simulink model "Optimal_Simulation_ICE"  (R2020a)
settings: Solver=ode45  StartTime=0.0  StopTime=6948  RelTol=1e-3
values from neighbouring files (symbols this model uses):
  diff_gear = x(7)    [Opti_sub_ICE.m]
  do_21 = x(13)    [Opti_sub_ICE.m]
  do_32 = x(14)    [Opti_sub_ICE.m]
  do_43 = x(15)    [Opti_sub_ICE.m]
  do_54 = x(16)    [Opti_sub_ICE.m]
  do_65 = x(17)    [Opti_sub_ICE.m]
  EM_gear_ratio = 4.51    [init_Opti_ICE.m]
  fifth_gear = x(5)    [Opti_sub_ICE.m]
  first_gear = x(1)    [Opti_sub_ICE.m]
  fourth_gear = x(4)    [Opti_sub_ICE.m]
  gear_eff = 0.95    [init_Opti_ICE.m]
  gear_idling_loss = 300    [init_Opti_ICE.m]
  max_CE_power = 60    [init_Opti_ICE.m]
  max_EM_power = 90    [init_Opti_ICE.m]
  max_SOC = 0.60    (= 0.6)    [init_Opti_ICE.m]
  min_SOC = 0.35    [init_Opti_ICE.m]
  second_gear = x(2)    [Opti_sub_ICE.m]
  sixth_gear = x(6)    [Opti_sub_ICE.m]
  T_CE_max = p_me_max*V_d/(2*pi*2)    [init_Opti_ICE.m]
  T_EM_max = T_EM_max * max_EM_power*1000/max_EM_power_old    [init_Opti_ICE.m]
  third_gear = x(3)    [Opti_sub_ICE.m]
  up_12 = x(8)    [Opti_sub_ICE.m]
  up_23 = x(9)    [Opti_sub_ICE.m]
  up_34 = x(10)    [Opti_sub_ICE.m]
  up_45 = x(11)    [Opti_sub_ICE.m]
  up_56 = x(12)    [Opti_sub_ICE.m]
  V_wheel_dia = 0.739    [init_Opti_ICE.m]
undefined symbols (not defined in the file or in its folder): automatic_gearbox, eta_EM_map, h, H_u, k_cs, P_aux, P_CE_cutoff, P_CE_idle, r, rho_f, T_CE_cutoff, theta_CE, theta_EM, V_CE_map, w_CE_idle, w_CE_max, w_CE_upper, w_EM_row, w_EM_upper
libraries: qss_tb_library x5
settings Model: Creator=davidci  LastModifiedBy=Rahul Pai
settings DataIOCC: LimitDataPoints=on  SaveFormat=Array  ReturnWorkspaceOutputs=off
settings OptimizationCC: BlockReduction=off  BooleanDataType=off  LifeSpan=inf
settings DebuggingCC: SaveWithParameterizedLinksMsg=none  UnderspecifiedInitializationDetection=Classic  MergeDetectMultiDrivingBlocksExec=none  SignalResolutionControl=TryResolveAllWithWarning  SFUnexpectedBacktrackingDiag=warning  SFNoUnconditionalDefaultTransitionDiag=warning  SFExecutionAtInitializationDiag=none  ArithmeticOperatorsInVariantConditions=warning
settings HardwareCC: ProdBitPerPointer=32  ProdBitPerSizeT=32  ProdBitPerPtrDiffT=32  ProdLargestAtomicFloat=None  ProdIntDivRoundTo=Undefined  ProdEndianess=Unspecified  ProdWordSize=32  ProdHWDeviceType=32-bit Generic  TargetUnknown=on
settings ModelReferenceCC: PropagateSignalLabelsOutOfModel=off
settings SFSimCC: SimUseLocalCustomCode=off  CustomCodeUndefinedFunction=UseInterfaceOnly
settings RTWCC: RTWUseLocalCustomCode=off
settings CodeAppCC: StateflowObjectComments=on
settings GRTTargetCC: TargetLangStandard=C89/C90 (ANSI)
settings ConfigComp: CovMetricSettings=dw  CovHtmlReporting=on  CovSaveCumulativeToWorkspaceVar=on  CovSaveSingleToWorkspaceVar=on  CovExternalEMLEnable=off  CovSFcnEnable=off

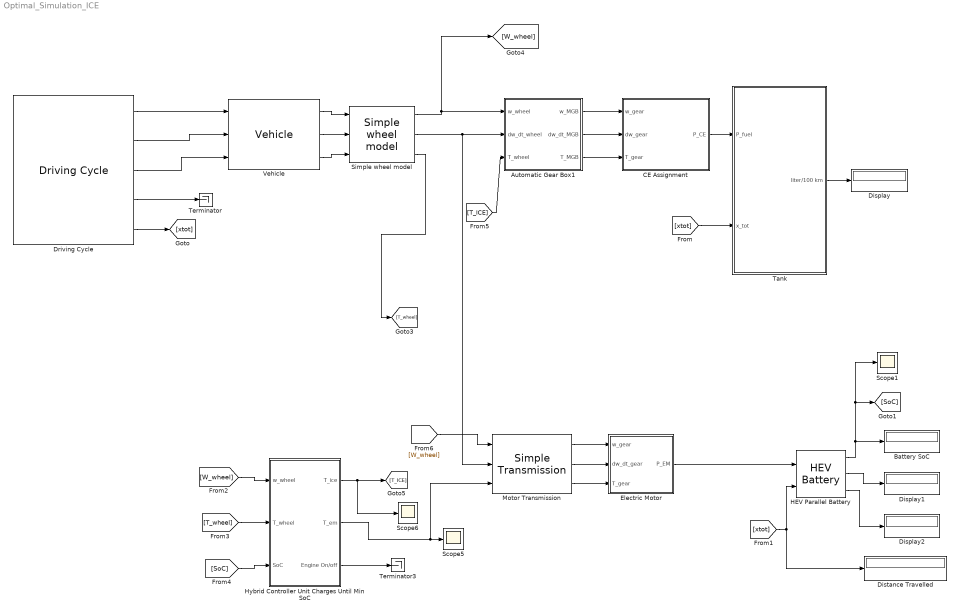
== system Optimal_Simulation_ICE ==
  Automatic Gear Box1 : Subsystem  Tag=transmission  AncestorBlock=qss_tb_library/Gear System/Automatic Gear Box  mask(Automatic Gear Box){nog=6, i=[first_gear second_gear third_gear fourth_gear fifth_gear sixth_gear], i_diff=diff_gear, gearon=[up_12 up_23 up_34 up_45 up_56], gearoff=[do_21 do_32 do_43 do_54 do_65], d=V_wheel_dia, e_GT=gear_eff, P_GT0=gear_idling_loss, w_wheel_min=1}
      mask prompts: nog "Number of gears"; i "Gear ratio vector"; i_diff "Differential gear [-]"; gearon "Switching points for upshift [km/h]"; gearoff "Switching points for downshift [km/h]"; d "Wheel diameter"; e_GT "Efficiency [-]"; P_GT0 "Idling losses (friction) [W]"; w_wheel_min "Minimum wheel speed beyond which losses are generated [rad/s]"
      mask help:
      | This block simulates a automatic gear box, can handle up to 16 gears.
      |
      | Input:
      | =====
      | 	w_wheel	Speed of the wheel [rad/s]
      | 	dw_dt_wheel	Acceleration of the wheel [rad/s^2],
      | 	T_wheel	Torque on the wheel [Nm]
      | 	i	Gear number [-]
      |
      | Output:
      | ======
      | 	w_MGB	Speed of the fly wheel [rad/s]
      | 	dw_dt_MGB	Acceleration of the fly wheel [rad/s^2]
      | 	T_MGB	Torque on the fly wheel [Nm]
      |
      | Number of gears:
      | ======
      | Specify the number of forward gears
      |
      | Shifting points for upshift:
      | ======
      | Vector specifying the velocity for shifting
      | [first_to_second_gear    second_to_third_gear    ....]
      | The number of elements in the vector should be Number of gears - 1.
      |
      | Shifting points for udownshift:
      | ======
      | Simular to upshift
      | [second_to_first_gear    third_to_second_gear    ....]
      mask init:
      | init_AGB;
  Battery SoC : Display
  CE Assignment : Subsystem  Tag=combustion engine  AncestorBlock=qss_tb_library/Energy Converter/CE Assignment  mask(Combustion Engine (based on consumption map)){engine_type=Gasoline, P_ice=max_CE_power, ENABLE_FUEL_CUTOFF=off}
      mask prompts: engine_type "Engine type"; P_ice "Power [kW]"; ENABLE_FUEL_CUTOFF "Enable fuel cutoff"
      mask help:
      | This block simulates the behaviour of a combustion engine. The block is based on consumption maps for medium sized passenger cars.
      |
      | NA Gasoline:
      | max power @ 5000 rpm
      | max torque @ 3000 rpm
      |
      | Small Diesel:
      | max power @ 4500 rpm
      | max torque @ 2000 rpm
      |
      | Large Diesel:
      | max power @ 1500 rpm
      | max torque @ 1500 rpm
      |
      |
      | Input:
      | =====
      | 	w_gear		Speed of the fly wheel [rad/s]
      | 	dw_gear	Acceleration of the fly wheel [rad/s^2]
      | 	T_gear		Torque on the fly wheel [Nm]
      |
      | Output:
      | ======
      | 	P_CE		Power produced by the combustion engine [W]
      mask init:
      | init_AssCE_map;
      mask TypeOptions engine_type: Gasoline | Small Diesel | Large Diesel
  Display : Display
  Display1 : Display
  Display2 : Display
  Distance Travelled : Display
      settings: Format=decimal (Stored Integer)
  Driving Cycle : qss_tb_library/Driving Cycle/Driving Cycle  Tag=cycle  cyclename1=Assignment_2_cycle  stepsize=1  autostop=on
  Electric Motor : Subsystem  AncestorBlock=qss_tb_library/Energy Converter/EM Assignment  mask(Electric Motor){P_em=max_EM_power}
      mask prompts: P_em "Power [kW]"
      mask help:
      | This block simulates the behaviour of an electric motor. The block is based on an efficiency map. The map is located in the Data/EnergyConvertter/ElectricMotor directory.
      |
      | Maximum speed och the electric motor is 6000 rpm
      | Field weakening region starts at 1500 rpm
      | Maximum mechanical power is at 2150 rpm
      | The maximum torque is 5.98 Nm/kW multiplied with the power you select.
      |
      | Input:
      | =====
      | 	w_gear	Speed of the motor [rad/s]
      | 	dw_dt_gear	Acceleration of the motor [rad/s^2]
      | 	T_gear	Torque of the motor [Nm]
      |
      | Output:
      | ======
      | 	P_EM	Electric Power consumed by the  motor [W]
      mask init:
      | init_EM_ass;
  HEV Parallel Battery : qss_tb_library/Energy Buffer/HEV Battery  Tag=battery  cell_series=N_series  cell_parallel=N_parallel  Q_BT_IC_rel=Init_SoC
  Hybrid Controller Unit Charges Until Min SoC : Subsystem  AncestorBlock=|  mask(Hybrid Controller Unit){}
      | qss_tb_library/Controller/Hybrid Controller Unit 
      | (Parallel, empty)
      mask help: Design your control strategy in this block.
      mask init:
      | init_HCU_parallel;
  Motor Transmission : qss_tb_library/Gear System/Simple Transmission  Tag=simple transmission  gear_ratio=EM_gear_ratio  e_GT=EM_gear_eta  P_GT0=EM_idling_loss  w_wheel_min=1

:::

== AIM OF THE EXERCISE ==
Please retype, with no changes, the lines that run from the first line of the entries to the line with "V_wheel_dia = 0.739", both ends included.

== OUTPUT OF THE EXERCISE ==
simulink model "Optimal_Simulation_ICE"  (R2020a)
settings: Solver=ode45  StartTime=0.0  StopTime=6948  RelTol=1e-3
values from neighbouring files (symbols this model uses):
  diff_gear = x(7)    [Opti_sub_ICE.m]
  do_21 = x(13)    [Opti_sub_ICE.m]
  do_32 = x(14)    [Opti_sub_ICE.m]
  do_43 = x(15)    [Opti_sub_ICE.m]
  do_54 = x(16)    [Opti_sub_ICE.m]
  do_65 = x(17)    [Opti_sub_ICE.m]
  EM_gear_ratio = 4.51    [init_Opti_ICE.m]
  fifth_gear = x(5)    [Opti_sub_ICE.m]
  first_gear = x(1)    [Opti_sub_ICE.m]
  fourth_gear = x(4)    [Opti_sub_ICE.m]
  gear_eff = 0.95    [init_Opti_ICE.m]
  gear_idling_loss = 300    [init_Opti_ICE.m]
  max_CE_power = 60    [init_Opti_ICE.m]
  max_EM_power = 90    [init_Opti_ICE.m]
  max_SOC = 0.60    (= 0.6)    [init_Opti_ICE.m]
  min_SOC = 0.35    [init_Opti_ICE.m]
  second_gear = x(2)    [Opti_sub_ICE.m]
  sixth_gear = x(6)    [Opti_sub_ICE.m]
  T_CE_max = p_me_max*V_d/(2*pi*2)    [init_Opti_ICE.m]
  T_EM_max = T_EM_max * max_EM_power*1000/max_EM_power_old    [init_Opti_ICE.m]
  third_gear = x(3)    [Opti_sub_ICE.m]
  up_12 = x(8)    [Opti_sub_ICE.m]
  up_23 = x(9)    [Opti_sub_ICE.m]
  up_34 = x(10)    [Opti_sub_ICE.m]
  up_45 = x(11)    [Opti_sub_ICE.m]
  up_56 = x(12)    [Opti_sub_ICE.m]
  V_wheel_dia = 0.739    [init_Opti_ICE.m]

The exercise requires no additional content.